Refinement of the rKLi8.3-Based Serodiagnostic ELISA Allows Detection of Canine Leishmaniosis in Dogs with Low Antibody Titers
Henrique C. Teixeira,
Giulia P. C. Valle,
Rouzbeh Mahdavi,
Priscila S. M. Dias,
Erick E. de Oliveira,
Cristina P. Aira,
Daniela Heinz,
Andreas Latz,
Marta de Lana,
Fernanda N. Morgado,
Renato Porrozzi,
Ulrich Steinhoff
Affiliations
Henrique C. Teixeira
Departament of Parasitology, Microbiology and Immunology, Institute of Biological Sciences, Federal University of Juiz de Fora, Juiz de Fora 36036-900, MG, Brazil
Giulia P. C. Valle
Departament of Parasitology, Microbiology and Immunology, Institute of Biological Sciences, Federal University of Juiz de Fora, Juiz de Fora 36036-900, MG, Brazil
Rouzbeh Mahdavi
Institute for Medical Microbiology, Philipps University of Marburg, 35043 Marburg, Germany
Priscila S. M. Dias
Departament of Parasitology, Microbiology and Immunology, Institute of Biological Sciences, Federal University of Juiz de Fora, Juiz de Fora 36036-900, MG, Brazil
Erick E. de Oliveira
Departament of Parasitology, Microbiology and Immunology, Institute of Biological Sciences, Federal University of Juiz de Fora, Juiz de Fora 36036-900, MG, Brazil
Cristina P. Aira
Gold Standard Diagnostics Madrid S.A. (GSD Madrid), 28037 Madrid, Spain
Daniela Heinz
Gold Standard Diagnostics Frankfurt (GSD Frankfurt), 63128 Dietzenbach, Germany
Andreas Latz
Gold Standard Diagnostics Frankfurt (GSD Frankfurt), 63128 Dietzenbach, Germany
Marta de Lana
Department of Clinical Analysis, School of Pharmacy, Federal University of Ouro Preto, Ouro Preto 35400-000, MG, Brazil
Fernanda N. Morgado
Immunoparasitology Laboratory, Oswaldo Cruz Institute, Fiocruz, Rio de Janeiro 21040-900, RJ, Brazil
Renato Porrozzi
Protozoology Laboratory, Oswaldo Cruz Institute, Fiocruz, Rio de Janeiro 21040-900, RJ, Brazil
Ulrich Steinhoff
Institute for Medical Microbiology, Philipps University of Marburg, 35043 Marburg, Germany
The diagnosis of canine leishmaniasis (CanL) still represents a challenge due to the variable clinical manifestations and the large number of asymptomatic dogs.
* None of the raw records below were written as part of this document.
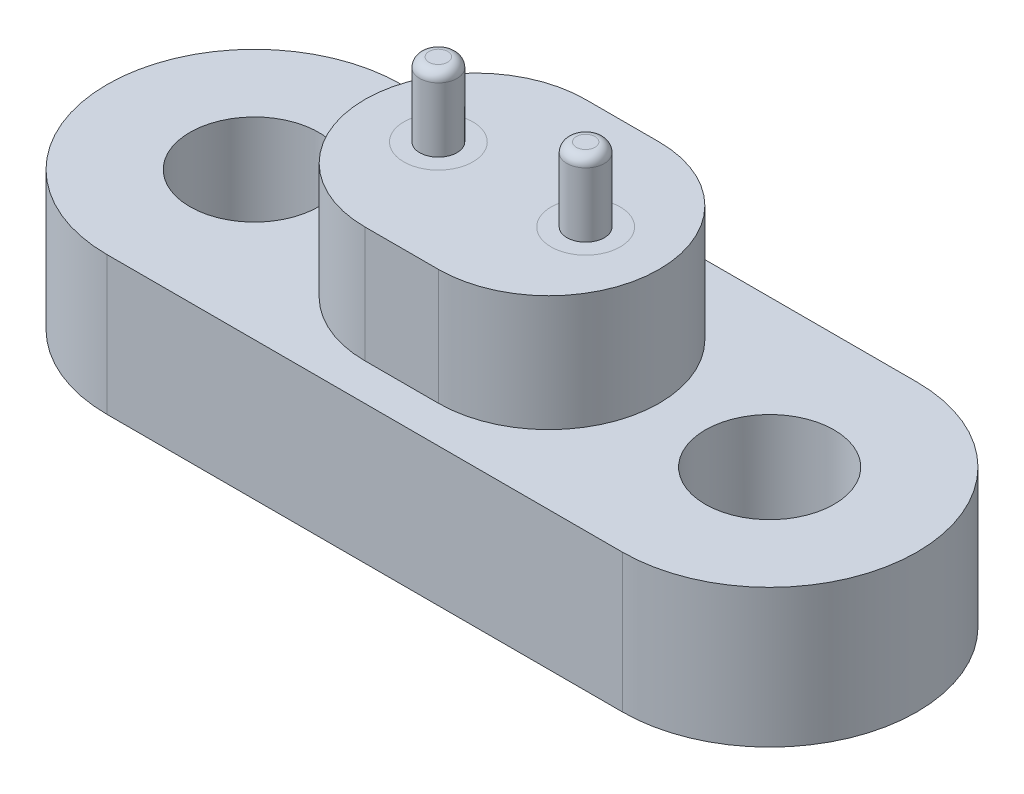
ISO-10303-21;
HEADER;
FILE_DESCRIPTION(('STEP AP214'),'2;1');
FILE_NAME('part.step','',(''),(''),'','','');
FILE_SCHEMA(('AUTOMOTIVE_DESIGN { 1 0 10303 214 1 1 1 1 }'));
ENDSEC;
DATA;
#1=APPLICATION_CONTEXT('core data for automotive mechanical design processes');
#2=APPLICATION_PROTOCOL_DEFINITION('international standard','automotive_design',2000,#1);
#3=PRODUCT_CONTEXT('',#1,'mechanical');
#4=PRODUCT('Part','Part','',(#3));
#5=PRODUCT_RELATED_PRODUCT_CATEGORY('part','',(#4));
#6=PRODUCT_DEFINITION_FORMATION('','',#4);
#7=PRODUCT_DEFINITION_CONTEXT('part definition',#1,'design');
#8=PRODUCT_DEFINITION('design','',#6,#7);
#9=PRODUCT_DEFINITION_SHAPE('','',#8);
#10=(LENGTH_UNIT() NAMED_UNIT(*) SI_UNIT(.MILLI.,.METRE.));
#11=(NAMED_UNIT(*) PLANE_ANGLE_UNIT() SI_UNIT($,.RADIAN.));
#12=(NAMED_UNIT(*) SI_UNIT($,.STERADIAN.) SOLID_ANGLE_UNIT());
#13=UNCERTAINTY_MEASURE_WITH_UNIT(LENGTH_MEASURE(1.E-05),#10,'distance_accuracy_value','');
#14=(GEOMETRIC_REPRESENTATION_CONTEXT(3) GLOBAL_UNCERTAINTY_ASSIGNED_CONTEXT((#13)) GLOBAL_UNIT_ASSIGNED_CONTEXT((#10,
#11,#12)) REPRESENTATION_CONTEXT('',''));
#15=CARTESIAN_POINT('',(0.,0.,0.));
#16=DIRECTION('',(0.,0.,1.));
#17=DIRECTION('',(1.,0.,0.));
#18=AXIS2_PLACEMENT_3D('',#15,#16,#17);
#19=CARTESIAN_POINT('',(2.00025,8.9088,0.));
#20=DIRECTION('',(0.,-1.,0.));
#21=DIRECTION('',(0.,0.,-1.));
#22=AXIS2_PLACEMENT_3D('',#19,#20,#21);
#23=CYLINDRICAL_SURFACE('',#22,0.508);
#24=CARTESIAN_POINT('',(2.00025,8.6548,0.));
#25=DIRECTION('',(0.,-1.,0.));
#26=DIRECTION('',(0.,0.,-1.));
#27=AXIS2_PLACEMENT_3D('',#24,#25,#26);
#28=CIRCLE('',#27,0.508);
#29=CARTESIAN_POINT('',(2.00025,8.6548,-0.508000000000001));
#30=VERTEX_POINT('',#29);
#31=EDGE_CURVE('E47',#30,#30,#28,.T.);
#32=ORIENTED_EDGE('',*,*,#31,.T.);
#33=EDGE_LOOP('',(#32));
#34=FACE_BOUND('',#33,.T.);
#35=CARTESIAN_POINT('',(2.00025,6.9088,0.));
#36=DIRECTION('',(0.,-1.,0.));
#37=DIRECTION('',(0.,0.,-1.));
#38=AXIS2_PLACEMENT_3D('',#35,#36,#37);
#39=CIRCLE('',#38,0.508);
#40=CARTESIAN_POINT('',(2.00025,6.9088,-0.508000000000001));
#41=VERTEX_POINT('',#40);
#42=EDGE_CURVE('E51',#41,#41,#39,.T.);
#43=ORIENTED_EDGE('',*,*,#42,.F.);
#44=EDGE_LOOP('',(#43));
#45=FACE_BOUND('',#44,.T.);
#46=ADVANCED_FACE('F40',(#34,#45),#23,.T.);
#47=CARTESIAN_POINT('',(2.00025,8.9088,0.));
#48=DIRECTION('',(0.,-1.,0.));
#49=DIRECTION('',(0.,0.,-1.));
#50=AXIS2_PLACEMENT_3D('',#47,#48,#49);
#51=PLANE('',#50);
#52=CARTESIAN_POINT('',(2.00025,8.9088,0.));
#53=DIRECTION('',(0.,-1.,0.));
#54=DIRECTION('',(0.,0.,-1.));
#55=AXIS2_PLACEMENT_3D('',#52,#53,#54);
#56=CIRCLE('',#55,0.254);
#57=CARTESIAN_POINT('',(2.00025,8.9088,-0.254000000000001));
#58=VERTEX_POINT('',#57);
#59=EDGE_CURVE('E11',#58,#58,#56,.F.);
#60=ORIENTED_EDGE('',*,*,#59,.T.);
#61=EDGE_LOOP('',(#60));
#62=FACE_BOUND('',#61,.T.);
#63=ADVANCED_FACE('F61',(#62),#51,.F.);
#64=CARTESIAN_POINT('',(2.00025,6.9088,0.));
#65=DIRECTION('',(0.,-1.,0.));
#66=DIRECTION('',(0.,0.,-1.));
#67=AXIS2_PLACEMENT_3D('',#64,#65,#66);
#68=PLANE('',#67);
#69=ORIENTED_EDGE('',*,*,#42,.T.);
#70=EDGE_LOOP('',(#69));
#71=FACE_BOUND('',#70,.T.);
#72=ADVANCED_FACE('F58',(#71),#68,.T.);
#73=CARTESIAN_POINT('',(2.00025,8.6548,0.));
#74=DIRECTION('',(0.,-1.,0.));
#75=DIRECTION('',(0.,0.,-1.));
#76=AXIS2_PLACEMENT_3D('',#73,#74,#75);
#77=TOROIDAL_SURFACE('',#76,0.254,0.254);
#78=ORIENTED_EDGE('',*,*,#59,.F.);
#79=EDGE_LOOP('',(#78));
#80=FACE_BOUND('',#79,.T.);
#81=ORIENTED_EDGE('',*,*,#31,.F.);
#82=EDGE_LOOP('',(#81));
#83=FACE_BOUND('',#82,.T.);
#84=ADVANCED_FACE('F42',(#80,#83),#77,.T.);
#85=CLOSED_SHELL('',(#46,#63,#72,#84));
#86=MANIFOLD_SOLID_BREP('B2',#85);
#87=CARTESIAN_POINT('',(-2.00025,8.9088,0.));
#88=DIRECTION('',(0.,-1.,0.));
#89=DIRECTION('',(0.,0.,-1.));
#90=AXIS2_PLACEMENT_3D('',#87,#88,#89);
#91=CYLINDRICAL_SURFACE('',#90,0.508);
#92=CARTESIAN_POINT('',(-2.00025,8.6548,0.));
#93=DIRECTION('',(0.,-1.,0.));
#94=DIRECTION('',(0.,0.,-1.));
#95=AXIS2_PLACEMENT_3D('',#92,#93,#94);
#96=CIRCLE('',#95,0.508);
#97=CARTESIAN_POINT('',(-2.00025,8.6548,-0.508));
#98=VERTEX_POINT('',#97);
#99=EDGE_CURVE('E111',#98,#98,#96,.T.);
#100=ORIENTED_EDGE('',*,*,#99,.T.);
#101=EDGE_LOOP('',(#100));
#102=FACE_BOUND('',#101,.T.);
#103=CARTESIAN_POINT('',(-2.00025,6.9088,0.));
#104=DIRECTION('',(0.,-1.,0.));
#105=DIRECTION('',(0.,0.,-1.));
#106=AXIS2_PLACEMENT_3D('',#103,#104,#105);
#107=CIRCLE('',#106,0.508);
#108=CARTESIAN_POINT('',(-2.00025,6.9088,-0.508));
#109=VERTEX_POINT('',#108);
#110=EDGE_CURVE('E115',#109,#109,#107,.T.);
#111=ORIENTED_EDGE('',*,*,#110,.F.);
#112=EDGE_LOOP('',(#111));
#113=FACE_BOUND('',#112,.T.);
#114=ADVANCED_FACE('F104',(#102,#113),#91,.T.);
#115=CARTESIAN_POINT('',(-2.00025,8.9088,0.));
#116=DIRECTION('',(0.,-1.,0.));
#117=DIRECTION('',(0.,0.,-1.));
#118=AXIS2_PLACEMENT_3D('',#115,#116,#117);
#119=PLANE('',#118);
#120=CARTESIAN_POINT('',(-2.00025,8.9088,0.));
#121=DIRECTION('',(0.,-1.,0.));
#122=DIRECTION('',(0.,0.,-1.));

Serological tests are most commonly used to detect infected animals, revealing anti-Leishmania antibodies, mainly of the IgG isotype. Recently, a new diagnostic antigen, rKLi8.3, containing 8.3 kinesin tandem repeats (TR) from a Leishmania infantum strain from Sudan, has been shown to provide excellent specificity and sensitivity for the detection of Leishmania-infected humans and dogs. However, asymptomatic animals with very low antibody titers are often difficult to detect by serodiagnosis. Thus, we wondered whether the addition of an anti-IgG-enhancing step in the protein A/G-based rKLi8.3-ELISA will improve the diagnostic performance without decreasing the specificity. For this, parasitologically confirmed CanL cases with low or high clinical scores, uninfected healthy controls and dogs with other infections were tested by rKLi8.3-ELISA as well as two different immunochromatographic rapid tests, rKLi8.3-lateral flow test (LFT) and Dual Path Platform (DPP®) based on the rK28 antigen. Our results show that the diagnostic accuracies of the rKLi8.3-ELISA and LFT were similar to that of DPP, missing several asymptomatic animals. However, the addition of a secondary, amplifying anti-dog IgG antibody in the protein A/G-based rKLi8.3-ELISA enabled the detection of nearly all asymptomatic dogs without compromising its specificity.